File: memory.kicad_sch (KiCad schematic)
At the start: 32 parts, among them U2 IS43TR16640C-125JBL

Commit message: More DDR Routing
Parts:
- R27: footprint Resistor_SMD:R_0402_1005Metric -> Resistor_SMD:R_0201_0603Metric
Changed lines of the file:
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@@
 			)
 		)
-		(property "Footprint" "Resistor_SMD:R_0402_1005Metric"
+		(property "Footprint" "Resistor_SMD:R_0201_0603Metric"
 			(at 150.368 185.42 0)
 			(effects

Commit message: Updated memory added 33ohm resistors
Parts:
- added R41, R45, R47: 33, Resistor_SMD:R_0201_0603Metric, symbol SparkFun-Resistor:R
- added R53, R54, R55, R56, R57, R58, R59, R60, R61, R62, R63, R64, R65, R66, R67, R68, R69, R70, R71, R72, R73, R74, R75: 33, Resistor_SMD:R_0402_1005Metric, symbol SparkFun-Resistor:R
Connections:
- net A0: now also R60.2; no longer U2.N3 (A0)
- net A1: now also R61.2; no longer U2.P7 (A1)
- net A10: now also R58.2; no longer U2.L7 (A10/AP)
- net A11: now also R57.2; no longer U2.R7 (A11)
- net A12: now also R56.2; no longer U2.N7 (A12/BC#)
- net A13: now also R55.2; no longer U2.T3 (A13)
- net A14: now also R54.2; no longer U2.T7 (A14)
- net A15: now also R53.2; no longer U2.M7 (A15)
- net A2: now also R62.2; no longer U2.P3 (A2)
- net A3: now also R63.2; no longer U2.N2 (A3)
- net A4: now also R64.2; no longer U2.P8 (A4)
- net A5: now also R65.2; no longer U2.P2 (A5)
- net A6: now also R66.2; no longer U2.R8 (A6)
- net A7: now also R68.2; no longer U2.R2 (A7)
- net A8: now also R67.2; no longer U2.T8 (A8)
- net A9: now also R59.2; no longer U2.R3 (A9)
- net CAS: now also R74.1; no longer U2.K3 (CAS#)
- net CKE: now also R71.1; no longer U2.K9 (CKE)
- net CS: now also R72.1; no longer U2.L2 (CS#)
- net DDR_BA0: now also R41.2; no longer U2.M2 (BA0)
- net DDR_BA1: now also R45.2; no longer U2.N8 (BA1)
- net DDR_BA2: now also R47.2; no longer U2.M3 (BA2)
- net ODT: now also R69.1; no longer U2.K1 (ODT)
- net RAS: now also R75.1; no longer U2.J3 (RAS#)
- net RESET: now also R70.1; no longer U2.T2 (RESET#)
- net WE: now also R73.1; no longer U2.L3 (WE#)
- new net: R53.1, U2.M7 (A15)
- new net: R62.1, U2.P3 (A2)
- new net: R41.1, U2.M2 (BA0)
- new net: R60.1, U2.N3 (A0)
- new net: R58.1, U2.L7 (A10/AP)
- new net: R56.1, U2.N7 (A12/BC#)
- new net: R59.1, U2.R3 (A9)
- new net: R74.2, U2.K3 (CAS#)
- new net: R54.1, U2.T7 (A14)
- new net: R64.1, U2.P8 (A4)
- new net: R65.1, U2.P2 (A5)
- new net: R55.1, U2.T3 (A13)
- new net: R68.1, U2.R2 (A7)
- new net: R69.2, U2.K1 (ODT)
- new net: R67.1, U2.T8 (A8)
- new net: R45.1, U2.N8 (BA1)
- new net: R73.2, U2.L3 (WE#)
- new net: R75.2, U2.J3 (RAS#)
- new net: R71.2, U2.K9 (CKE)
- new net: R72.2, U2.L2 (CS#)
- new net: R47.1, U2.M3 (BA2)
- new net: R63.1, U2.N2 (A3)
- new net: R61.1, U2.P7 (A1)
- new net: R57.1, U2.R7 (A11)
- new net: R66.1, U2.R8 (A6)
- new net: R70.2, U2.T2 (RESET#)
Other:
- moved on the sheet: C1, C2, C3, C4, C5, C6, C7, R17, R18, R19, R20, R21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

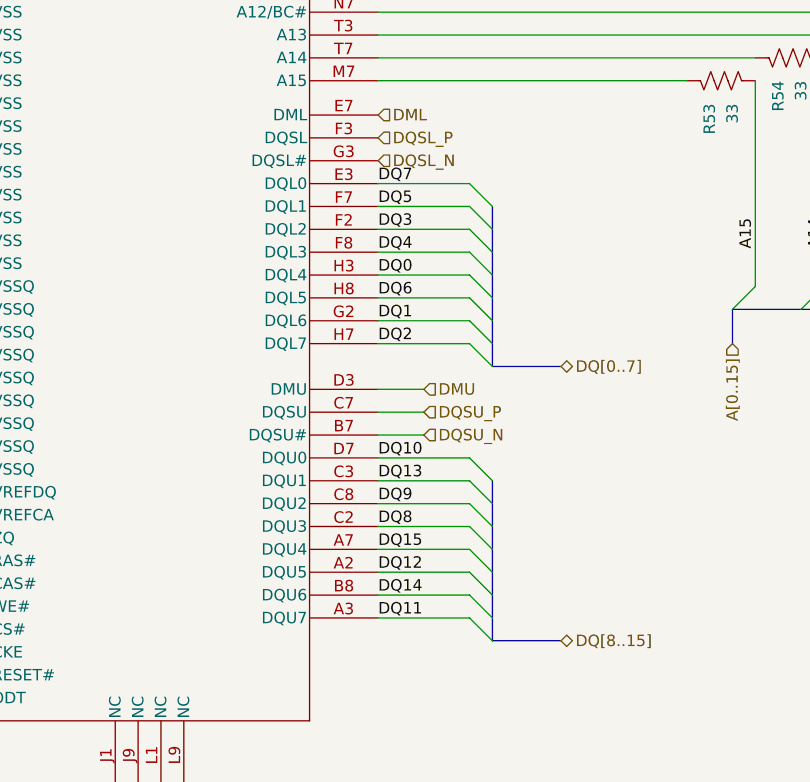
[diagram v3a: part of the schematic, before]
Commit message: DDR Routing commenced
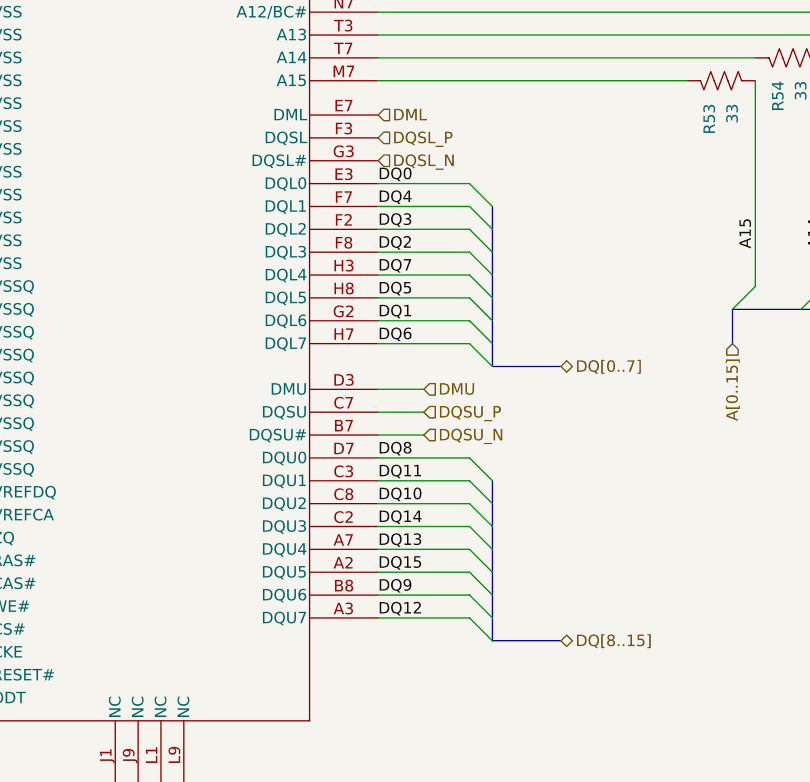
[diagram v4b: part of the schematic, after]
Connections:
- net DQ0: now also U2.E3 (DQL0); no longer U2.H3 (DQL4)
- net DQ10: now also U2.C8 (DQU2); no longer U2.D7 (DQU0)
- net DQ11: now also U2.C3 (DQU1); no longer U2.A3 (DQU7)
- net DQ12: now also U2.A3 (DQU7); no longer U2.A2 (DQU5)
- net DQ13: now also U2.A7 (DQU4); no longer U2.C3 (DQU1)
- net DQ14: now also U2.C2 (DQU3); no longer U2.B8 (DQU6)
- net DQ15: now also U2.A2 (DQU5); no longer U2.A7 (DQU4)
- net DQ2: now also U2.F8 (DQL3); no longer U2.H7 (DQL7)
- net DQ4: now also U2.F7 (DQL1); no longer U2.F8 (DQL3)
- net DQ5: now also U2.H8 (DQL5); no longer U2.F7 (DQL1)
- net DQ6: now also U2.H7 (DQL7); no longer U2.H8 (DQL5)
- net DQ7: now also U2.H3 (DQL4); no longer U2.E3 (DQL0)
- net DQ8: now also U2.D7 (DQU0); no longer U2.C2 (DQU3)
- net DQ9: now also U2.B8 (DQU6); no longer U2.C8 (DQU2)
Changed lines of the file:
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@@
 		)
 	)
-	(label "DQ15"
+	(label "DQ13"
 		(at 149.86 135.89 0)
 		(effects
@@
 		)
 	)
-	(label "DQ14"
+	(label "DQ9"
 		(at 149.86 140.97 0)
 		(effects
@@
 		)
 	)
-	(label "DQ4"
+	(label "DQ2"
 		(at 149.86 102.87 0)
 		(effects
@@
 		)
 	)
-	(label "DQ6"
+	(label "DQ5"
 		(at 149.86 107.95 0)
 		(effects
@@
 		)
 	)
-	(label "DQ2"
+	(label "DQ6"
 		(at 149.86 113.03 0)
 		(effects
@@
 		)
 	)
-	(label "DQ11"
+	(label "DQ12"
 		(at 149.86 143.51 0)
 		(effects
@@
 		)
 	)
-	(label "DQ7"
+	(label "DQ0"
 		(at 149.86 95.25 0)
 		(effects
@@
 		)
 	)
-	(label "DQ10"
+	(label "DQ8"
 		(at 149.86 125.73 0)
 		(effects
@@
 		)
 	)
-	(label "DQ8"
+	(label "DQ14"
 		(at 149.86 133.35 0)
 		(effects
@@
 		)
 	)
-	(label "DQ5"
+	(label "DQ4"
 		(at 149.86 97.79 0)
 		(effects
@@
 		)
 	)
-	(label "DQ9"
+	(label "DQ10"
 		(at 149.86 130.81 0)
 		(effects
@@
 		)
 	)
-	(label "DQ0"
+	(label "DQ7"
 		(at 149.86 105.41 0)
 		(effects
@@
 		)
 	)
-	(label "DQ13"
+	(label "DQ11"
 		(at 149.86 128.27 0)
 		(effects
@@
 		)
 	)
-	(label "DQ12"
+	(label "DQ15"
 		(at 149.86 138.43 0)
 		(effects

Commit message: DDR routing
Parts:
- R41, R45, R47: footprint Resistor_SMD:R_0201_0603Metric -> Resistor_SMD:R_0402_1005Metric
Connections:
- net DQ4: now also U2.H7 (DQL7); no longer U2.F7 (DQL1)
- net DQ6: now also U2.F7 (DQL1); no longer U2.H7 (DQL7)
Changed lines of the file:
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@@
 		)
 	)
-	(label "DQ6"
+	(label "DQ4"
 		(at 149.86 113.03 0)
 		(effects
@@
 		)
 	)
-	(label "DQ4"
+	(label "DQ6"
 		(at 149.86 97.79 0)
 		(effects
@@
 			)
 		)
-		(property "Footprint" "Resistor_SMD:R_0201_0603Metric"
+		(property "Footprint" "Resistor_SMD:R_0402_1005Metric"
 			(at 171.45 22.352 0)
 			(effects
@@
 			)
 		)
-		(property "Footprint" "Resistor_SMD:R_0201_0603Metric"
+		(property "Footprint" "Resistor_SMD:R_0402_1005Metric"
 			(at 171.45 31.242 0)
 			(effects
@@
 			)
 		)
-		(property "Footprint" "Resistor_SMD:R_0201_0603Metric"
+		(property "Footprint" "Resistor_SMD:R_0402_1005Metric"
 			(at 171.45 40.132 0)
 			(effects

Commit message: DDR complete needs polish
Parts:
- removed R70: 33, Resistor_SMD:R_0402_1005Metric, symbol SparkFun-Resistor:R
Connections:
- net RESET: now also U2.T2 (RESET#)
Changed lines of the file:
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@@
 	(wire
 		(pts
-			(xy 27.94 149.86) (xy 29.21 149.86)
+			(xy 27.94 149.86) (xy 99.06 149.86)
 		)
 		(stroke
@@
 	(wire
 		(pts
-			(xy 36.83 149.86) (xy 99.06 149.86)
-		)
-		(stroke
-			(width 0)
-			(type default)
-		)
-	)
-	(wire
-		(pts
 			(xy 149.86 73.66) (xy 214.63 73.66)
 		)
@@
 					(unit 1)
 				)
-			)
-		)
-	)
-	(symbol
-		(lib_id "SparkFun-Resistor:R")
-		(at 33.02 149.86 180)
-		(unit 1)
-		(exclude_from_sim no)
-		(in_bom yes)
-		(on_board yes)
-		(dnp no)
-		(property "Reference" "R70"
-			(at 31.7499 147.32 90)
-			(effects
-				(font
-					(size 1.27 1.27)
-				)
-				(justify right)
-			)
-		)
-		(property "Value" "33"
-			(at 34.2899 147.32 90)
-			(effects
-				(font
-					(size 1.27 1.27)
-				)
-				(justify right)
-			)
-		)
-		(property "Footprint" "Resistor_SMD:R_0402_1005Metric"
-			(at 33.02 145.288 0)
-			(effects
-				(font
-					(size 1.27 1.27)
-				)
-				(hide yes)
-			)
-		)
-		(property "Datasheet" ""
-			(at 34.29 140.97 0)
-			(effects
-				(font
-					(size 1.27 1.27)
-				)
-				(hide yes)
-			)
-		)
-		(property "Description" "Resistor"
-			(at 33.02 138.43 0)
-			(effects
-				(font
-					(size 1.27 1.27)
-				)
-				(hide yes)
-			)
-		)
-		(property "Precision" "1%"
-			(at 36.576 147.066 90)
-			(effects
-				(font
-					(size 1.27 1.27)
-				)
-				(justify right)
-				(hide yes)
-			)
-		)
-		(pin "2"
-		)
-		(pin "1"
-		)
-		(instances
-			(project "SBC"
-				(path "/21bb932a-ec67-4661-9215-0551f718d1c0/1a39d522-2eb7-49c0-a4cb-6db909b7fe44"
-					(reference "R70")
-					(unit 1)
-				)

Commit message: DDR
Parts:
- removed R69: 33, Resistor_SMD:R_0402_1005Metric, symbol SparkFun-Resistor:R
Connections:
- net ODT: now also U2.K1 (ODT)
- net A15_R: now reaches R53.1, U2.M7 (A15)
- net A2_R: now reaches R62.1, U2.P3 (A2)
- net DDR_BA0_R: now reaches R41.1, U2.M2 (BA0)
- net A0_R: now reaches R60.1, U2.N3 (A0)
- net A10_R: now reaches R58.1, U2.L7 (A10/AP)
- net A12_R: now reaches R56.1, U2.N7 (A12/BC#)
- net A9_R: now reaches R59.1, U2.R3 (A9)
- net CAS_R: now reaches R74.2, U2.K3 (CAS#)
- net A14_R: now reaches R54.1, U2.T7 (A14)
- net A4_R: now reaches R64.1, U2.P8 (A4)
- net A5_R: now reaches R65.1, U2.P2 (A5)
- net A13_R: now reaches R55.1, U2.T3 (A13)
- net A7_R: now reaches R68.1, U2.R2 (A7)
- net A8_R: now reaches R67.1, U2.T8 (A8)
- net DDR_BA1_R: now reaches R45.1, U2.N8 (BA1)
- net WE_R: now reaches R73.2, U2.L3 (WE#)
- net RAS_R: now reaches R75.2, U2.J3 (RAS#)
- net CKE_R: now reaches R71.2, U2.K9 (CKE)
- net CS_R: now reaches R72.2, U2.L2 (CS#)
- net DDR_BA2_R: now reaches R47.1, U2.M3 (BA2)
- net A3_R: now reaches R63.1, U2.N2 (A3)
- net A1_R: now reaches R61.1, U2.P7 (A1)
- net A11_R: now reaches R57.1, U2.R7 (A11)
- net A6_R: now reaches R66.1, U2.R8 (A6)

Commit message: DDR Routing more
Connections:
- net DDR_BA0_R renamed BA0_R
- net DDR_BA1_R renamed BA1_R
- net DDR_BA2_R renamed BA2_R
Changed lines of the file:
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@@
 		)
 	)
-	(label "DDR_BA1_R"
+	(label "BA1_R"
 		(at 151.13 33.02 0)
 		(effects
@@
 		)
 	)
-	(label "DDR_BA0_R"
+	(label "BA0_R"
 		(at 151.13 30.48 0)
 		(effects
@@
 		)
 	)
-	(label "DDR_BA2_R"
+	(label "BA2_R"
 		(at 151.13 35.56 0)
 		(effects

============================================================

Required work.
Transcribe the records above exactly, from the opening line down to and including the line with "- net A14: now".

Answer area.
File: memory.kicad_sch (KiCad schematic)
At the start: 32 parts, among them U2 IS43TR16640C-125JBL

Commit message: More DDR Routing
Parts:
- R27: footprint Resistor_SMD:R_0402_1005Metric -> Resistor_SMD:R_0201_0603Metric
Changed lines of the file:
@@
 			)
 		)
-		(property "Footprint" "Resistor_SMD:R_0402_1005Metric"
+		(property "Footprint" "Resistor_SMD:R_0201_0603Metric"
 			(at 150.368 185.42 0)
 			(effects

Commit message: Updated memory added 33ohm resistors
Parts:
- added R41, R45, R47: 33, Resistor_SMD:R_0201_0603Metric, symbol SparkFun-Resistor:R
- added R53, R54, R55, R56, R57, R58, R59, R60, R61, R62, R63, R64, R65, R66, R67, R68, R69, R70, R71, R72, R73, R74, R75: 33, Resistor_SMD:R_0402_1005Metric, symbol SparkFun-Resistor:R
Connections:
- net A0: now also R60.2; no longer U2.N3 (A0)
- net A1: now also R61.2; no longer U2.P7 (A1)
- net A10: now also R58.2; no longer U2.L7 (A10/AP)
- net A11: now also R57.2; no longer U2.R7 (A11)
- net A12: now also R56.2; no longer U2.N7 (A12/BC#)
- net A13: now also R55.2; no longer U2.T3 (A13)
- net A14: now also R54.2; no longer U2.T7 (A14)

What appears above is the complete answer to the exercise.